FareShare
- Formation: 2000
- Headquarters: 1–7 South Audley St, Abbotsford
- Location: Abbotsford, Victoria, Australia;
- Chief Executive Officer: Marcus Godinho
- Key people: David Harris (President), Sandy Dudakov (Vice-President), Marcus Godinho, Kellie Watson, Lucy Farmer, Fiona Maxwell, Brian Scammell, Crickette DerJeu, Patrick Lanyon, Rosemary Kelly, James Fien
- Staff: 35
- Website: www.fareshare.net.au

= FareShare (Australia) =

Australian not-for-profit organisation

FareShare is an Australian not-for-profit food rescue organisation that operates Australia's largest charity kitchens located in Melbourne and Brisbane. Its mission is to mobilise volunteers to cook delicious, free meals from rescued, donated and homegrown ingredients to improve the lives of Australians in hardship.

FareShare's healthy, balanced and ready-to-eat meals are provided free to frontline food relief charities to boost the health and wellbeing of people unable to access or afford meals or who may lack the facilities or capability to cook for themselves.

In Melbourne, with the help of hundreds of regular volunteers guided by experienced chefs, FareShare cooks thousands of meals every day for charities such as soup vans, homeless shelters, women’s refuges and community food banks. Thousands of corporate (team) volunteers and secondary school students contribute to this mission every year.

FareShare also grows its own vegetables at three kitchen gardens to boost the nutrition content and diversity of its meals. The largest of these is operated on a family farm where FareShare has approximately two acres of beds under cultivation.

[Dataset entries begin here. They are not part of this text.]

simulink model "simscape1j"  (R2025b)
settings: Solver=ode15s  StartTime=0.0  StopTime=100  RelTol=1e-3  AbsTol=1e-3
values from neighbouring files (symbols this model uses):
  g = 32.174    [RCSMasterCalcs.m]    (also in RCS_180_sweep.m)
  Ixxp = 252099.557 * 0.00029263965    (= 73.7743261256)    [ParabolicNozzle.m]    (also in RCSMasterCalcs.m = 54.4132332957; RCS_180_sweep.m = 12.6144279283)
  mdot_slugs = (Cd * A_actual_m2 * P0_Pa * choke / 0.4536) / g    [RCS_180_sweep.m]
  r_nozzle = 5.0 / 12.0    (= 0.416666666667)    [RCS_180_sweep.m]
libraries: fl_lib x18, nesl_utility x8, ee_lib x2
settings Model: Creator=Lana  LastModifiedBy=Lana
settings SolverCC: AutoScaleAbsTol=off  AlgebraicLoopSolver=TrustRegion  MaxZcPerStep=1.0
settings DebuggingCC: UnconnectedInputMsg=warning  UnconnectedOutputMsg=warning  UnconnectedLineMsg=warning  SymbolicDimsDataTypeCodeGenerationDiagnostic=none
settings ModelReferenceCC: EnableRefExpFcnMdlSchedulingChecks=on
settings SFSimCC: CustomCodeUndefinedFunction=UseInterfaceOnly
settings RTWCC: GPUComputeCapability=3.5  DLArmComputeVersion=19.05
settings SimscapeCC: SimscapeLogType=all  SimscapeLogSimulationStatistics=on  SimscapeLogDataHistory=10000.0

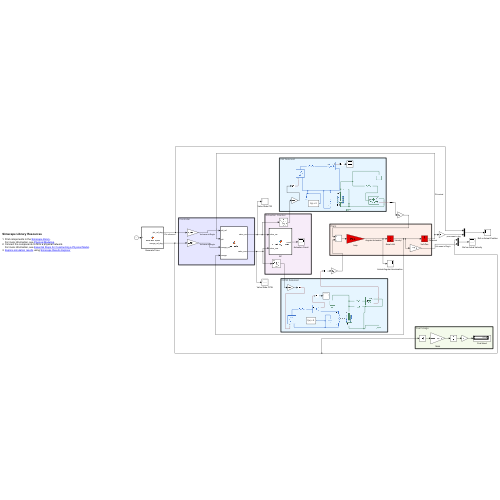
[thumbnail: Simulink's stored preview of the top-level diagram]
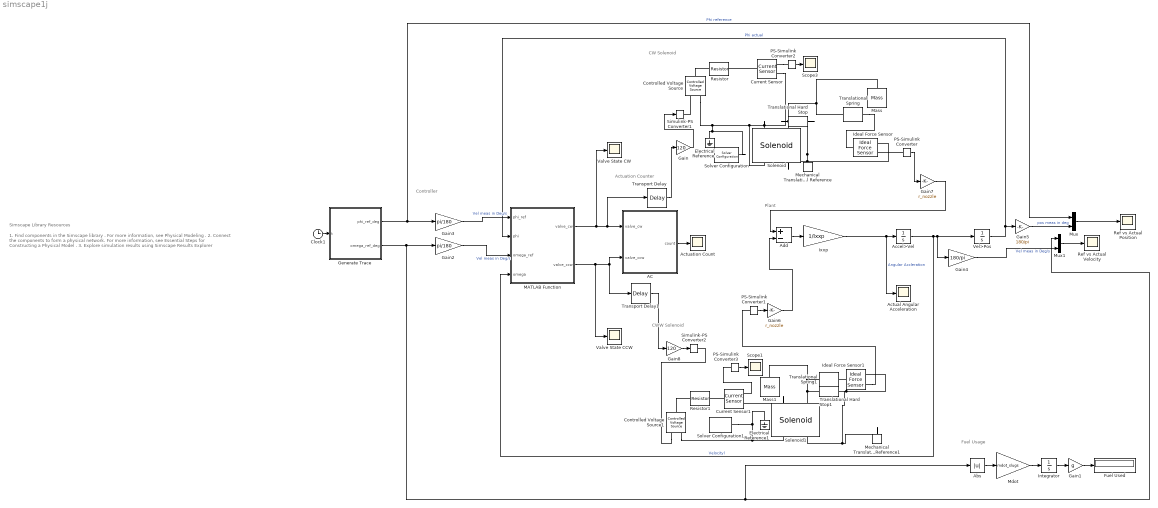
== system simscape1j ==
  note: 1. Find components in the Simscape library .
      | For more information, see Physical Modeling .
      | 2. Connect the components to form a physical network.
      | For more information, see Essential Steps for Constructing a Physical Model .
      | 3. Explore simulation results using Simscape Results Explorer
  note: Simscape Library Resources
  note: Controller
  note: CW Solenoid
  note: Plant
  note: Fuel Usage
  note: Actuation Counter
  note: CWW Solenoid
  AC : MATLAB Function  TreatAsAtomicUnit=on
  Abs : Abs  SaturateOnIntegerOverflow=off
  Accel>Vel : Integrator
  "Actual Angular Acceleration " : Scope
      settings: ActiveDisplayYMinimum=-10.034483776335616  ActiveDisplayYMaximum=37.904655593220141  DataLoggingVariableName=ScopeData4
  Actuation Count : Scope
      settings: ActiveDisplayYMinimum=-1.4453272832049562  ActiveDisplayYMaximum=5.9313739118884694  DataLoggingVariableName=ScopeData3
  Add : Sum  Inputs=+-
  Clock1 : Clock
  Controlled Voltage Source : fl_lib/Electrical/Electrical Sources/Controlled Voltage Source
  Controlled Voltage Source1 : fl_lib/Electrical/Electrical Sources/Controlled Voltage Source
  Current Sensor : fl_lib/Electrical/Electrical Sensors/Current Sensor
  Current Sensor1 : fl_lib/Electrical/Electrical Sensors/Current Sensor
  Electrical Reference : fl_lib/Electrical/Electrical Elements/Electrical Reference
  Electrical Reference1 : fl_lib/Electrical/Electrical Elements/Electrical Reference
  Fuel Used : Display
  Gain : Gain  Gain=120
  Gain1 : Gain  Gain=g
  Gain2 : Gain  Gain=pi/180
  Gain3 : Gain  Gain=pi/180
  Gain4 : Gain  Gain=180/pi
  Gain5 : Gain  Gain=180/pi
  Gain6 : Gain  Gain=r_nozzle
  Gain7 : Gain  Gain=r_nozzle
  Gain8 : Gain  Gain=120
  Generate Trace : MATLAB Function  TreatAsAtomicUnit=on
  Ideal Force Sensor : fl_lib/Mechanical/Mechanical Sensors/Ideal Force Sensor
  Ideal Force Sensor1 : fl_lib/Mechanical/Mechanical Sensors/Ideal Force Sensor
  Integrator : Integrator
  Ixxp : Gain  Gain=1/Ixxp
  MATLAB Function : MATLAB Function  TreatAsAtomicUnit=on  SystemSampleTime=0.005
  Mass : fl_lib/Mechanical/Translational Elements/Mass  mass=0.05 kg  num_ports=foundation.enum.numPorts2.one  v_specify=off  v_priority=High  v=0 m/s  v_nominal_specify=off  v_nominal_value=1  v_nominal_unit=m/s  f_specify=off  f_priority=None  f=0 N  f_nominal_specify=off  f_nominal_value=1  f_nominal_unit=N
  Mass1 : fl_lib/Mechanical/Translational Elements/Mass  mass=0.05 kg  num_ports=foundation.enum.numPorts2.one  v_specify=off  v_priority=High  v=0 m/s  v_nominal_specify=off  v_nominal_value=1  v_nominal_unit=m/s  f_specify=off  f_priority=None  f=0 N  f_nominal_specify=off  f_nominal_value=1  f_nominal_unit=N
  Mdot : Gain  Gain=mdot_slugs
  Mechanical Translational Reference : fl_lib/Mechanical/Translational Elements/Mechanical Translational Reference
  Mechanical Translational Reference1 : fl_lib/Mechanical/Translational Elements/Mechanical Translational Reference
  Mux : Mux  Inputs=2
  Mux1 : Mux  Inputs=2
  PS-Simulink Converter{,1..3} (4 alike) : nesl_utility/PS-Simulink Converter  PhysicalDomain=network_engine_domain  SubClassName=ps_output  LeftPortType=input  RightPortType=output  PseudoPeriodic=off  Frequencies=[]  VectorFormat=inherit  Unit=inherit  AffineConversion=off
  Ref vs Actual Position : Scope
      settings: ActiveDisplayYMinimum=-22.500002652240926  ActiveDisplayYMaximum=202.50000029469345  DataLoggingVariableName=ScopeData5
  Ref vs Actual Velocity : Scope
      settings: ActiveDisplayYMinimum=-4.4232598731139454  ActiveDisplayYMaximum=10.223921060317231
  Resistor : fl_lib/Electrical/Electrical Elements/Resistor  R=1200 Ohm  i_specify=off  i_priority=None  i=0 A  i_nominal_specify=off  i_nominal_value=1  i_nominal_unit=A  v_specify=off  v_priority=None  v=0 V  v_nominal_specify=off  v_nominal_value=1  v_nominal_unit=V
  Resistor1 : fl_lib/Electrical/Electrical Elements/Resistor  R=1200 Ohm  i_specify=off  i_priority=None  i=0 A  i_nominal_specify=off  i_nominal_value=1  i_nominal_unit=A  v_specify=off  v_priority=None  v=0 V  v_nominal_specify=off  v_nominal_value=1  v_nominal_unit=V
  Scope1 : Scope
      settings: ActiveDisplayYMinimum=-0.01250008529219436  ActiveDisplayYMaximum=0.11250076762974927  DataLoggingVariableName=ScopeData2
  Scope3 : Scope
      settings: ActiveDisplayYMinimum=-0.01250008529219436  ActiveDisplayYMaximum=0.11250076762974927  DataLoggingVariableName=ScopeData8
  Simulink-PS Converter1 : nesl_utility/Simulink-PS Converter  PhysicalDomain=network_engine_domain  SubClassName=ps_input  LeftPortType=input  RightPortType=output  PseudoPeriodic=off  Frequencies=[]  NoiseDistribution=none  NoiseParameters=[]  Unit=1  AffineConversion=off  FilteringAndDerivatives=filter  SimscapeFilterOrder=1  InputFilterTimeConstant=0.001  UdotUserProvided=0
  Simulink-PS Converter2 : nesl_utility/Simulink-PS Converter  PhysicalDomain=network_engine_domain  SubClassName=ps_input  LeftPortType=input  RightPortType=output  PseudoPeriodic=off  Frequencies=[]  NoiseDistribution=none  NoiseParameters=[]  Unit=1  AffineConversion=off  FilteringAndDerivatives=filter  SimscapeFilterOrder=1  InputFilterTimeConstant=0.001  UdotUserProvided=0
  Solenoid : ee_lib/Electromechanical/Mechatronic Actuators/Solenoid  motionDirection=ee.enum.actuators.solenoidDirection.towards  F12=[100, 45] N  X12=[0.1, 1.5] mm  Vdc=120 V  Imax=0.133 A  K=25000 N/m  Xzero=0 mm  lam=50 N*s/m  Mass=0.08 kg  Xmax=5 mm  K_endstop=1e8 N/m  D_endstop=500 N*s/m  i_specify=on  i_priority=Low  i=0 A  i_nominal_specify=off  i_nominal_value=0.1  i_nominal_unit=A  x_specify=on  x_priority=Low  x=0.1 mm  x_nominal_specify=off  x_nominal_value=1  x_nominal_unit=mm  vel_specify=on  vel_priority=High  vel=0 mm/s  vel_nominal_specify=off  vel_nominal_value=1  vel_nominal_unit=mm/s  F_specify=on  F_priority=High  F=0 N  F_nominal_specify=off  F_nominal_value=100  F_nominal_unit=N  v_L_specify=off  v_L_priority=None  v_L=0 V  v_L_nominal_specify=off  v_L_nominal_value=1  v_L_nominal_unit=V  magnetic_force_specify=off  magnetic_force_priority=None  magnetic_force=0 N  magnetic_force_nominal_specify=off  magnetic_force_nominal_value=1  magnetic_force_nominal_unit=N  alpha=3.93e-3 1/K  Tmeas=25 degC  thermal_mass=100 J/K  temperature_specify=off  temperature_priority=High  temperature=25 degC  temperature_nominal_specify=off  temperature_nominal_value=1  temperature_nominal_unit=degC  Q_specify=off  Q_priority=None  Q=0 W  Q_nominal_specify=off  Q_nominal_value=1  Q_nominal_unit=W
      settings: InternalSimscapePortConfiguration="{\"Bottom\":[],\"Left\":[{\"id\":\"p\",\"label\":\"+\",\"type\":\"foundation.electrical.electrical\"},{\"id\":\"R\",\"label\":\"R\",\"type\":\"foundation.mechanical.translational.translational\"}],\"Right\":[{\"id\":\"n\",\"label\":\"-\",\"type\":\"foundation.electrical.electrical\"},{\"id\":\"C\",\"label\":\"C\",\"type\":\"foundation.mechanical.translational.translational\"}],\"Top\":[]}"
  Solenoid1 : ee_lib/Electromechanical/Mechatronic Actuators/Solenoid  motionDirection=ee.enum.actuators.solenoidDirection.towards  F12=[100, 45] N  X12=[0.1, 1.5] mm  Vdc=120 V  Imax=0.133 A  K=25000 N/m  Xzero=0 mm  lam=50 N*s/m  Mass=0.08 kg  Xmax=5 mm  K_endstop=1e8 N/m  D_endstop=500 N*s/m  i_specify=on  i_priority=Low  i=0 A  i_nominal_specify=off  i_nominal_value=1  i_nominal_unit=A  x_specify=on  x_priority=Low  x=0.1 mm  x_nominal_specify=off  x_nominal_value=1  x_nominal_unit=mm  vel_specify=on  vel_priority=High  vel=0 mm/s  vel_nominal_specify=off  vel_nominal_value=1  vel_nominal_unit=mm/s  F_specify=on  F_priority=High  F=0 N  F_nominal_specify=off  F_nominal_value=1  F_nominal_unit=N  v_L_specify=off  v_L_priority=None  v_L=0 V  v_L_nominal_specify=off  v_L_nominal_value=1  v_L_nominal_unit=V  magnetic_force_specify=off  magnetic_force_priority=None  magnetic_force=0 N  magnetic_force_nominal_specify=off  magnetic_force_nominal_value=1  magnetic_force_nominal_unit=N  alpha=3.93e-3 1/K  Tmeas=25 degC  thermal_mass=100 J/K  temperature_specify=off  temperature_priority=High  temperature=25 degC  temperature_nominal_specify=off  temperature_nominal_value=1  temperature_nominal_unit=degC  Q_specify=off  Q_priority=None  Q=0 W  Q_nominal_specify=off  Q_nominal_value=1  Q_nominal_unit=W
      settings: InternalSimscapePortConfiguration="{\"Bottom\":[],\"Left\":[{\"id\":\"p\",\"label\":\"+\",\"type\":\"foundation.electrical.electrical\"},{\"id\":\"R\",\"label\":\"R\",\"type\":\"foundation.mechanical.translational.translational\"}],\"Right\":[{\"id\":\"n\",\"label\":\"-\",\"type\":\"foundation.electrical.electrical\"},{\"id\":\"C\",\"label\":\"C\",\"type\":\"foundation.mechanical.translational.translational\"}],\"Top\":[]}"
  Solver Configuration : nesl_utility/Solver Configuration  PhysicalDomain=network_engine_domain  SubClassName=solver  LeftPortType=input  RightPortType=generic  Tones=[]  Harmonics=[]  SimulateNoise=off  Profile=off  UseLocalSampling=off  EnableSwitchedLinearOptims=on  FrequencyDomain=off  UseCCode=off  RelTol=0.001  AbsTol=0.001  MinStep=1e-09  ToWorkspace=off  RevertToSquareIcSolve=off  NumHomotopyIterations=100  PhasorMode=off  PhasorModeNumHarmonics=1  ConsistencySolver=NEWTON_XTOL_AFTER_FTOL  IndexReductionMethod=DerivativeReplacement  DoDC=off  ResidualTolerance=1e-09  ConsistencyTolSource=GLOBAL  ConsistencyAbsTol=0.001  ConsistencyRelTol=0.001  ConsistencyTolFactor=0.001  UseLocalSolver=off  LocalSolverChoice=NE_BACKWARD_EULER_ADVANCER  ResolveIndetEquations=on  FunctionEvalNumThread=1  LocalSolverSampleTime=0.001  DoFixedCost=off  MaxNonlinIter=3  MaxModeIter=2  ComputeImpulses=off  ImpulseIterations=2  LinearAlgebra=auto  LinearAlgebraNumThread=0  EquationFormulation=NE_TIME_EF  DelaysMemoryBudget=1024  AutomaticFiltering=on  FilteringTimeConstant=0.001  PartitionStorageMethod=AS_NEEDED  PartitionMemoryBudget=1024  PartitionMethod=ROBUST  MultibodyUseLocalSolver=off  MultibodyLocalSolverChoice=ODE1  MultibodyLocalSolverSampleTime=0.001
  Solver Configuration1 : nesl_utility/Solver Configuration  PhysicalDomain=network_engine_domain  SubClassName=solver  LeftPortType=input  RightPortType=generic  Tones=[]  Harmonics=[]  SimulateNoise=off  Profile=off  UseLocalSampling=off  EnableSwitchedLinearOptims=on  FrequencyDomain=off  UseCCode=off  RelTol=0.001  AbsTol=0.001  MinStep=1e-09  ToWorkspace=off  RevertToSquareIcSolve=off  NumHomotopyIterations=100  PhasorMode=off  PhasorModeNumHarmonics=1  ConsistencySolver=NEWTON_XTOL_AFTER_FTOL  IndexReductionMethod=DerivativeReplacement  DoDC=off  ResidualTolerance=1e-09  ConsistencyTolSource=GLOBAL  ConsistencyAbsTol=0.001  ConsistencyRelTol=0.001  ConsistencyTolFactor=0.001  UseLocalSolver=off  LocalSolverChoice=NE_BACKWARD_EULER_ADVANCER  ResolveIndetEquations=on  FunctionEvalNumThread=1  LocalSolverSampleTime=0.001  DoFixedCost=off  MaxNonlinIter=3  MaxModeIter=2  ComputeImpulses=off  ImpulseIterations=2  LinearAlgebra=auto  LinearAlgebraNumThread=0  EquationFormulation=NE_TIME_EF  DelaysMemoryBudget=1024  AutomaticFiltering=on  FilteringTimeConstant=0.001  PartitionStorageMethod=AS_NEEDED  PartitionMemoryBudget=1024  PartitionMethod=ROBUST  MultibodyUseLocalSolver=off  MultibodyLocalSolverChoice=ODE1  MultibodyLocalSolverSampleTime=0.001
  Translational Hard Stop : fl_lib/Mechanical/Translational Elements/Translational Hard Stop  upper_bnd=0.005 m  lower_bnd=-.0001 m  model=simscape.enum.hardstop.smooth  stiff_up=1e6 N/m  stiff_low=1e6 N/m  D_up=150 N*s/m  D_low=150 N*s/m  transition=0.1 mm  coeff_rest=0.7  v_tol=0.001 m/s  f_tol=0.001 N  v_specify=off  v_priority=None  v=0 m/s  v_nominal_specify=off  v_nominal_value=1  v_nominal_unit=m/s  f_specify=off  f_priority=None  f=0 N  f_nominal_specify=off  f_nominal_value=1  f_nominal_unit=N  x_specify=off  x_priority=High  x=0 m  x_nominal_specify=off  x_nominal_value=1  x_nominal_unit=m  M_specify=off  M_priority=None  M=0
  Translational Hard Stop1 : fl_lib/Mechanical/Translational Elements/Translational Hard Stop  upper_bnd=0.005 m  lower_bnd=-.0001 m  model=simscape.enum.hardstop.smooth  stiff_up=1e6 N/m  stiff_low=1e6 N/m  D_up=150 N*s/m  D_low=150 N*s/m  transition=0.1 mm  coeff_rest=0.7  v_tol=0.001 m/s  f_tol=0.001 N  v_specify=off  v_priority=None  v=0 m/s  v_nominal_specify=off  v_nominal_value=1  v_nominal_unit=m/s  f_specify=off  f_priority=None  f=0 N  f_nominal_specify=off  f_nominal_value=1  f_nominal_unit=N  x_specify=off  x_priority=High  x=0 m  x_nominal_specify=off  x_nominal_value=1  x_nominal_unit=m  M_specify=off  M_priority=None  M=0
  Translational Spring : fl_lib/Mechanical/Translational Elements/Translational Spring  spr_rate=1000 N/m  v_specify=off  v_priority=None  v=0 m/s  v_nominal_specify=off  v_nominal_value=1  v_nominal_unit=m/s  f_specify=off  f_priority=None  f=0 N  f_nominal_specify=off  f_nominal_value=1  f_nominal_unit=N  x_specify=on  x_priority=High  x=0 m  x_nominal_specify=off  x_nominal_value=1  x_nominal_unit=m
  Translational Spring1 : fl_lib/Mechanical/Translational Elements/Translational Spring  spr_rate=1000 N/m  v_specify=off  v_priority=None  v=0 m/s  v_nominal_specify=off  v_nominal_value=1  v_nominal_unit=m/s  f_specify=off  f_priority=None  f=0 N  f_nominal_specify=off  f_nominal_value=1  f_nominal_unit=N  x_specify=on  x_priority=High  x=0 m  x_nominal_specify=off  x_nominal_value=1  x_nominal_unit=m
  Transport Delay : TransportDelay  DelayTime=0.005
  Transport Delay1 : TransportDelay  DelayTime=0.005
  Valve State CCW : Scope
      settings: ActiveDisplayYMinimum=-9.4532754541059649  ActiveDisplayYMaximum=24.111436479997359
  Valve State CW : Scope
      settings: ActiveDisplayYMinimum=-6.29168187284065  ActiveDisplayYMaximum=5.2016376361109637  DataLoggingVariableName=ScopeData6
  Vel>Pos : Integrator
  wires:
  Abs/1 -> Mdot/1
  Mux/1 -> Ref vs Actual Position/1
  Gain4/1 -> Mux1/2  "Vel meas in Deg/s"
  MATLAB Function/1(valve_cw) -> Valve State CW/1, AC/1(valve_cw), Transport Delay/1
  Transport Delay/1 -> Gain/1
  Gain5/1 -> Mux/2  "pos meas in deg"
  Integrator/1 -> Gain1/1
  Ixxp/1 -> Accel>Vel/1, "Actual Angular Acceleration "/1  "Angular Accleration"
  Mux1/1 -> Ref vs Actual Velocity/1
  Clock1/1 -> Generate Trace/1(t)
  Gain1/1 -> Fuel Used/1
  Vel>Pos/1 -> Gain5/1, MATLAB Function/2(phi)  "Phi actual"
  Mdot/1 -> Integrator/1
  Accel>Vel/1 -> Vel>Pos/1, Gain4/1, MATLAB Function/4(omega)  "Velocityl"
  MATLAB Function/2(valve_ccw) -> AC/2(valve_ccw), Transport Delay1/1, Valve State CCW/1
  Transport Delay1/1 -> Gain8/1
  Gain7/1 -> Add/1
  Gain6/1 -> Add/2
  PS-Simulink Converter/1 -> Gain7/1
  PS-Simulink Converter1/1 -> Gain6/1
  Add/1 -> Ixxp/1
  Gain8/1 -> Simulink-PS Converter2/1
  Generate Trace/2(omega_ref_deg) -> Abs/1, Mux1/1, Gain2/1
  Gain3/1 -> MATLAB Function/1(phi_ref)  "Vel meas in Deg/s"
  Gain2/1 -> MATLAB Function/3(omega_ref)  "Vel meas in Deg/s"
  Generate Trace/1(phi_ref_deg) -> Mux/1, Gain3/1  "Phi reference"
  AC/1(count) -> Actuation Count/1
  Gain/1 -> Simulink-PS Converter1/1
  PS-Simulink Converter2/1 -> Scope3/1
  PS-Simulink Converter3/1 -> Scope1/1
  connections:
  Simulink-PS Converter1/RConn1 -- Controlled Voltage Source/RConn1
  Solenoid/RConn2 -- Translational Hard Stop/RConn1 -- Mechanical Translational Reference/LConn1 -- Ideal Force Sensor/RConn1
  PS-Simulink Converter/LConn1 -- Ideal Force Sensor/RConn2
  Mechanical Translational Reference1/LConn1 -- Solenoid1/RConn2 -- Translational Hard Stop1/RConn1 -- Ideal Force Sensor1/RConn1
  Translational Spring1/RConn1 -- Ideal Force Sensor1/LConn1
  Electrical Reference1/LConn1 -- Solenoid1/RConn1 -- Controlled Voltage Source1/RConn2 -- Solver Configuration1/RConn1
  Controlled Voltage Source1/RConn1 -- Simulink-PS Converter2/RConn1
  Translational Spring1/LConn1 -- Mass1/LConn1 -- Solenoid1/LConn2 -- Translational Hard Stop1/LConn1
  Ideal Force Sensor1/RConn2 -- PS-Simulink Converter1/LConn1
  Controlled Voltage Source/RConn2 -- Electrical Reference/LConn1 -- Solver Configuration/RConn1 -- Solenoid/LConn1 -- Current Sensor/RConn2 -- Solenoid/RConn1
  Translational Spring/RConn1 -- Ideal Force Sensor/LConn1
  Solenoid/LConn2 -- Translational Spring/LConn1 -- Mass/LConn1 -- Translational Hard Stop/LConn1
  Controlled Voltage Source/LConn1 -- Resistor/LConn1
  Resistor1/LConn1 -- Controlled Voltage Source1/LConn1
  Current Sensor/LConn1 -- Resistor/RConn1
  Current Sensor/RConn1 -- PS-Simulink Converter2/LConn1
  Current Sensor1/LConn1 -- Resistor1/RConn1
  Solenoid1/LConn1 -- Current Sensor1/RConn2
  PS-Simulink Converter3/LConn1 -- Current Sensor1/RConn1

== matlab function simscape1j/Generate Trace ==
  data: t input; phi_ref_deg output; omega_ref_deg output
function [phi_ref_deg, omega_ref_deg] = generate_trace(t)
    start_time = 1.0;
    duration = 10.0;
    target_angle = 180.0;
    
    if t < start_time
        phi_ref_deg = 0;
        omega_ref_deg = 0;
    elseif t <= (start_time + duration)
        % Normalized maneuver time (0 to 1)
        tau = (t - start_time) / duration;
        
        % Smooth 5th-order S-curve trajectory
        phi_ref_deg = target_angle * (10*tau^3 - 15*tau^4 + 6*tau^5);
        omega_ref_deg = (target_angle / duration) * (30*tau^2 - 60*tau^3 + 30*tau^4);
    else
        phi_ref_deg = target_angle;
        omega_ref_deg = 0;
    end
end

== matlab function simscape1j/MATLAB Function ==
  settings: updateMethod=DISCRETE
  data: phi_ref input; valve_cw output; valve_ccw output; phi input; omega_ref input; omega input
function [valve_cw, valve_ccw] = rcs_logic(phi_ref, phi, omega_ref, omega)
% Schmitt-trigger valve logic with minimum pulse time.
% Matches RCS_180_sweep.m exactly.
%
% Inputs:
%   phi_ref   - target angle (rad)
%   phi       - actual angle (rad)
%   omega_ref - target angular rate (rad/s)
%   omega     - actual angular rate (rad/s)
% Outputs:
%   valve_cw  - 1 when the clockwise thruster should fire, else 0
%   valve_ccw - 1 when the counter-clockwise thruster should fire, else 0

    % persistent variables keep their value between time steps
    persistent valve_state pulse_timer

    % first time this runs, initialize everything to zero
    if isempty(valve_state)
        valve_state  = 0;
        pulse_timer  = 0;
    end

    % --- Controller gains (match the script) ---
    Kp = 2;
    Kd = 5;

    % --- Schmitt trigger parameters (match the script) ---
    deadzone       = 0.02;
    hysteresis     = 0.01;
    min_pulse_time = 0.10;
    dt             = 0.005;   % must match this block's fixed sample time

    % --- PD control effort ---
    error_phi     = phi_ref - phi;
    error_omega   = omega_ref - omega;
    control_effort = (Kp * error_phi) + (Kd * error_omega);

    % --- Minimum pulse timer countdown ---
    if pulse_timer > 0
        pulse_timer = pulse_timer - dt;

    else
        % --- Schmitt trigger state machine ---
        if valve_state == 0
            if control_effort > deadzone
                valve_state = 1;
                pulse_timer = min_pulse_time;
            elseif control_effort < -deadzone
                valve_state = -1;
                pulse_timer = min_pulse_time;
            end

        elseif valve_state == 1
            if control_effort < (deadzone - hysteresis)
                valve_state = 0;
            end

        elseif valve_state == -1
            if control_effort > -(deadzone - hysteresis)
                valve_state = 0;
            end
        end
    end

    % --- Convert signed valve_state into two separate 0/1 outputs ---
    valve_cw  = double(valve_state == 1);
    valve_ccw = double(valve_state == -1);

end

== matlab function simscape1j/AC ==
  data: valve_cw input; count output; valve_ccw input
function count = actuation_counter(valve_cw, valve_ccw)
% Counts a "firing" each time a thruster turns ON from OFF.
% Inputs:
%   valve_cw  - 1 when the clockwise thruster is firing, else 0
%   valve_ccw - 1 when the counter-clockwise thruster is firing, else 0
% Output:
%   count - running total of firings so far

    % persistent variables keep their value between time steps
    persistent total prev_cw prev_ccw

    % first time this runs, initialize everything to zero
    if isempty(total)
        total   = 0;
        prev_cw  = 0;
        prev_ccw = 0;
    end

    % a "firing" is a transition from 0 -> 1 on either valve
    cw_just_turned_on  = (valve_cw  == 1) && (prev_cw  == 0);
    ccw_just_turned_on = (valve_ccw == 1) && (prev_ccw == 0);

    if cw_just_turned_on || ccw_just_turned_on
        total = total + 1;
    end

    % remember this step's values for next time
    prev_cw  = valve_cw;
    prev_ccw = valve_ccw;

    count = total;
end

FareShare’s production kitchen in Brisbane was established in 2018 harnessing food provided by Foodbank Queensland to cook meals for Queenslanders experiencing hardship and crisis.

FareShare is a charity and relies on the support of philanthropic foundations, businesses and individual donors to rescue food and cook meals.

==History==
How FareShare Started. In 2000, a pastry chef called Guido Pozzebon "'One Umbrella'started cooking 300 pies every Saturday morning for the Salvation Army and St Vincent de Paul. Guido and a group of friends would meet at the RACV Club and use surplus food accumulated over the week to cook savoury pastries.

Steven Kolt, a Jewish Aid Australia member, knew of the work of City Harvest, an organisation that rescues food for the needy of New York City. As a result, Melbourne City Harvest began in 2001, rescuing food that would otherwise be wasted. Prepared meals were collected from function halls and catering venues.

In late 2001, Melbourne City Harvest and One Umbrella decided to merge.

One Umbrella then lobbied for the creation of Victoria's "Good Samaritan Act" which provides legal protection to those who act in good faith by donating food to charities.

In 2008, One Umbrella changed its name to FareShare and, for the first time, opened its own kitchen in Abbotsford, Victoria.